AWWWW - heartbreakingly PERFECT :wub: . Such an inspiration to keep the coat LONG  . Sarah


----------



## Moxie'smom (Dec 16, 2007)

What an angel! Another beautiful Sassy picture!


----------



## ClaBec Maltese (Feb 19, 2007)

Oh Pat she is drop dead gorgeous. You have so much talent with her hair and the pictures. When you come to town will you please help me get some good pictures. I always love your pics but this one just stole my heart. Thank you so much for posting your little angel with us. 





By the way how are you feeling???????


----------



## sassy's mommy (Aug 29, 2005)

Thanks again everyone............Becky I am feeling much better thanks.


----------



## Andrea&Luci (Jul 30, 2006)

Pat she trully is soooo beautiful!!!


----------



## Krystal (Feb 3, 2007)

She sure is an angel!!!!!


----------



## belibaby14 (Mar 21, 2007)

WOW! Sassy is the most beautiful Angel I've ever seen. :wub: :wub:


----------



## Cosy (Feb 9, 2006)

Sassy looks so sweet! Great photography too, Pat.


----------



## KAG (Jun 1, 2006)

She's stunning!


----------



## Katkoota (Feb 18, 2006)

awwwwwwwwwwwwwwwwwww

I'm melting here too :wub: :wub: :wub: 

kat


----------



## KandiMaltese (Mar 27, 2007)

Pat, you may be biased, but she is a true beauty :wub: You really don't post pics often enough. You need to share Sassy with us :wub:


----------



## The A Team (Dec 1, 2005)

Ahhh, life is good when we get to see a picture of our Sassy. She is gorgeous, pure perfection. 

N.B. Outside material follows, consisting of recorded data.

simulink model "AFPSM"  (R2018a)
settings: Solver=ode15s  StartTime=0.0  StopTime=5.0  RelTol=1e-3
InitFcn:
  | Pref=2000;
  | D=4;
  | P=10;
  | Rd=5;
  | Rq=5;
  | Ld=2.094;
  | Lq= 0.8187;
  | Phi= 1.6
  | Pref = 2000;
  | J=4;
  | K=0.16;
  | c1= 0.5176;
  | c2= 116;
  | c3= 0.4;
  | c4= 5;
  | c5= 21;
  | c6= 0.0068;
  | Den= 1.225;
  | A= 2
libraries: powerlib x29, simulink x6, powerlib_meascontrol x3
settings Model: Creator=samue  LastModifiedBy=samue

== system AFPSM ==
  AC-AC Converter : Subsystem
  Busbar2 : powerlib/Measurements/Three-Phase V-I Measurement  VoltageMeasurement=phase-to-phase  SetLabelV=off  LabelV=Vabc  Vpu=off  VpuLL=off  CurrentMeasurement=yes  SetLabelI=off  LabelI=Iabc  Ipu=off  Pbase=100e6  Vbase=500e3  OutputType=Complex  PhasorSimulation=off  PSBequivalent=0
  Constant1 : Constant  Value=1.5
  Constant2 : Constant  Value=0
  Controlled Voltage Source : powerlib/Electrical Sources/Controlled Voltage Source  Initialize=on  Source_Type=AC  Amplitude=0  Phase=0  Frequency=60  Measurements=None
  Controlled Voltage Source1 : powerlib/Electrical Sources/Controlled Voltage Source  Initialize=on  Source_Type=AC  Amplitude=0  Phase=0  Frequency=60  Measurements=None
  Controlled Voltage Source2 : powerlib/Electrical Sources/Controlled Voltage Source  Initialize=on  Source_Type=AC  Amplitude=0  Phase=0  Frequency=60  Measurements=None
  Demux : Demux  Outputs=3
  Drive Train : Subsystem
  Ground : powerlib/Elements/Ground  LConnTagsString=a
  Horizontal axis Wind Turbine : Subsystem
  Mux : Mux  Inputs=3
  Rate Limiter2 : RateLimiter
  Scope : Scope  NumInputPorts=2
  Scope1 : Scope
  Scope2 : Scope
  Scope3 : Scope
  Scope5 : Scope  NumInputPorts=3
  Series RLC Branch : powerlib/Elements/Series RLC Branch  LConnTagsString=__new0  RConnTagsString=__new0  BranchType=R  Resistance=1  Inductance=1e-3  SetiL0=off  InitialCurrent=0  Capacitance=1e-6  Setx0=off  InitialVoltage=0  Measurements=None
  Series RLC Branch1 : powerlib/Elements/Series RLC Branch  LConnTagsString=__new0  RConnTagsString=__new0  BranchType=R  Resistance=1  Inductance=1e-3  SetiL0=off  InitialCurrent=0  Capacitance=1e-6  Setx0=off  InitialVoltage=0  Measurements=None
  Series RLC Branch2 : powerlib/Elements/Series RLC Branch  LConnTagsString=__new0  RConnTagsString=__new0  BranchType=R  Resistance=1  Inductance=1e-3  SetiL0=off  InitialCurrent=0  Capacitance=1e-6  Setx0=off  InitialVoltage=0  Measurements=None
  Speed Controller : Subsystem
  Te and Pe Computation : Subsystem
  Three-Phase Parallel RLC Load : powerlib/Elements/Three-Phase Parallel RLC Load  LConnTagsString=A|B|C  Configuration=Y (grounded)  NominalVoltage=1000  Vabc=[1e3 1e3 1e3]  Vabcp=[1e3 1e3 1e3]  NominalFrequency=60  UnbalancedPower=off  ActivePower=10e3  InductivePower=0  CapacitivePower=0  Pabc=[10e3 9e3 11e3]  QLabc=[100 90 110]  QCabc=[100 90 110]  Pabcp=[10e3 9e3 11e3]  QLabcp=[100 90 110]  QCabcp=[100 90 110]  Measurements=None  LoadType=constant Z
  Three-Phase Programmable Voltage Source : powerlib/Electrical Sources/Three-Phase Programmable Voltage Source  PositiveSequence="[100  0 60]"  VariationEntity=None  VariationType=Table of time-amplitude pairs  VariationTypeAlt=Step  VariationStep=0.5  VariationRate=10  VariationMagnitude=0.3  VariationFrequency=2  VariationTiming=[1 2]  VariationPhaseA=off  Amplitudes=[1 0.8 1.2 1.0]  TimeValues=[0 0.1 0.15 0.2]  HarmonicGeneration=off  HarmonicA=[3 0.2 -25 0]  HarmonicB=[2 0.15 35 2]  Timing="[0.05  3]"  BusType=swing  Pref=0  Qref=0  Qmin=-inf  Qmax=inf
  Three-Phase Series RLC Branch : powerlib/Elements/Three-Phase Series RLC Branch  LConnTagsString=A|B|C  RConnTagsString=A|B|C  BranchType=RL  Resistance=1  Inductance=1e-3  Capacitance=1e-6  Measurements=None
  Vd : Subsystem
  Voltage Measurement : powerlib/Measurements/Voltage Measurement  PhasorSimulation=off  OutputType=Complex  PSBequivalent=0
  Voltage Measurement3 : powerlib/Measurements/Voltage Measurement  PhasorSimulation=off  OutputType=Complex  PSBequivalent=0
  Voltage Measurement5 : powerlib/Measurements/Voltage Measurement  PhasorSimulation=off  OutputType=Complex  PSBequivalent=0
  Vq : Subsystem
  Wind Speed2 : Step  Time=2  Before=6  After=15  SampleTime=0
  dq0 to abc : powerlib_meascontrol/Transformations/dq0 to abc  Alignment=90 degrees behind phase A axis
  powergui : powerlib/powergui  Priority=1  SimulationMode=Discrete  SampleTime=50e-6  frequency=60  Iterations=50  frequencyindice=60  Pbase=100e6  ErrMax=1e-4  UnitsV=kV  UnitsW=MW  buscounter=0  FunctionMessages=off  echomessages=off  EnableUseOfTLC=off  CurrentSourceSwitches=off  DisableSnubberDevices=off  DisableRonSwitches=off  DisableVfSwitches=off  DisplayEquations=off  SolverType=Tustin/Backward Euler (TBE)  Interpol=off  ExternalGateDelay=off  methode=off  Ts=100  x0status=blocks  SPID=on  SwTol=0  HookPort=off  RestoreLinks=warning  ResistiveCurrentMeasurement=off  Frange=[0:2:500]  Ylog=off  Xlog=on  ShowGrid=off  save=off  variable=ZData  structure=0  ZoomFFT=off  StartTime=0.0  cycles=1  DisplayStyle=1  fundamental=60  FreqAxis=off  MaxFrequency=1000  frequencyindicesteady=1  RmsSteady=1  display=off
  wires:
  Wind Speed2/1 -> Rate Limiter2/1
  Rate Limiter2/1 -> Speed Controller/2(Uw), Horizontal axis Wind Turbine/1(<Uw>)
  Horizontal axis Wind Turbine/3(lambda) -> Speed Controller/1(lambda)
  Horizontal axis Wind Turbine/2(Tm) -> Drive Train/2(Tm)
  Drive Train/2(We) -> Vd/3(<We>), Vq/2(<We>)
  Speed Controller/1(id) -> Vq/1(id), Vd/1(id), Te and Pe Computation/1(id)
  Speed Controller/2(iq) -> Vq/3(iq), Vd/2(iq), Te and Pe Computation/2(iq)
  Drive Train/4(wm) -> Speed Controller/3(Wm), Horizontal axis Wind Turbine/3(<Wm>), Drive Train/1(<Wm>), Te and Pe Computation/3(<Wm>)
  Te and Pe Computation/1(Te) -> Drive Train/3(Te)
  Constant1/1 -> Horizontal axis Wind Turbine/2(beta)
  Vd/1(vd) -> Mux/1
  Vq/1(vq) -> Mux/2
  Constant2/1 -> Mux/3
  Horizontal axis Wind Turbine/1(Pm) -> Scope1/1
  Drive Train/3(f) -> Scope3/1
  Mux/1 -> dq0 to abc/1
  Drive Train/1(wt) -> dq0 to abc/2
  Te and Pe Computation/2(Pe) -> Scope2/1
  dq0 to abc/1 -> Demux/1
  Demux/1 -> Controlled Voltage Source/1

Sleeping pictures....that's the only time Miss Abbey is an angel... :HistericalSmiley:


----------



## thinkpink (Sep 25, 2004)

She's a sleeping beauty!


----------



## 2maltese4me (May 8, 2006)

She is a beautiful girl!!! :wub:


----------



## Zoe and Bella's mom (Jan 23, 2006)

My heart melts too Pat. How could one not love that precious, beautiful face :wub: 

ginny & zoe & bella


----------



## vjw (Dec 20, 2006)

Sassy is soooooo gorgeous! I've been enjoying the pictures of her.


----------



## coco (Sep 20, 2006)

Sassy is gorgeous whether she's sleeping or awake. Thanks for the darling pic!


----------



## momtoboo (Jan 30, 2006)

AWWWWWWWWW, precious little sleeping angel. :wub: Sassy is sooooooo beautiful.


----------



## MalteseJane (Nov 21, 2004)

She IS beautiful Pat.


----------



## Bella Rose (Mar 21, 2006)

What a touching picture! :wub: I know what you mean Pat... these little ones do have a way of melting our hearts! Sassy is beautiful!


----------



## lillady (Jan 25, 2007)

Pat-she is just precious beyond words! :wub: :wub: :wub: I love your new siggy too :smheat:


----------



## jenniferhope423 (Jun 25, 2007)

That pic is adorable! :wub: She is such a little sweetie.


----------



## precious paws (Jun 7, 2006)

Very Sweet! :chili:


----------



## sassy's mommy (Aug 29, 2005)

> Ahhh, life is good when we get to see a picture of our Sassy. She is gorgeous, pure perfection.
> 
> Sleeping pictures....that's the only time Miss Abbey is an angel... :HistericalSmiley:[/B]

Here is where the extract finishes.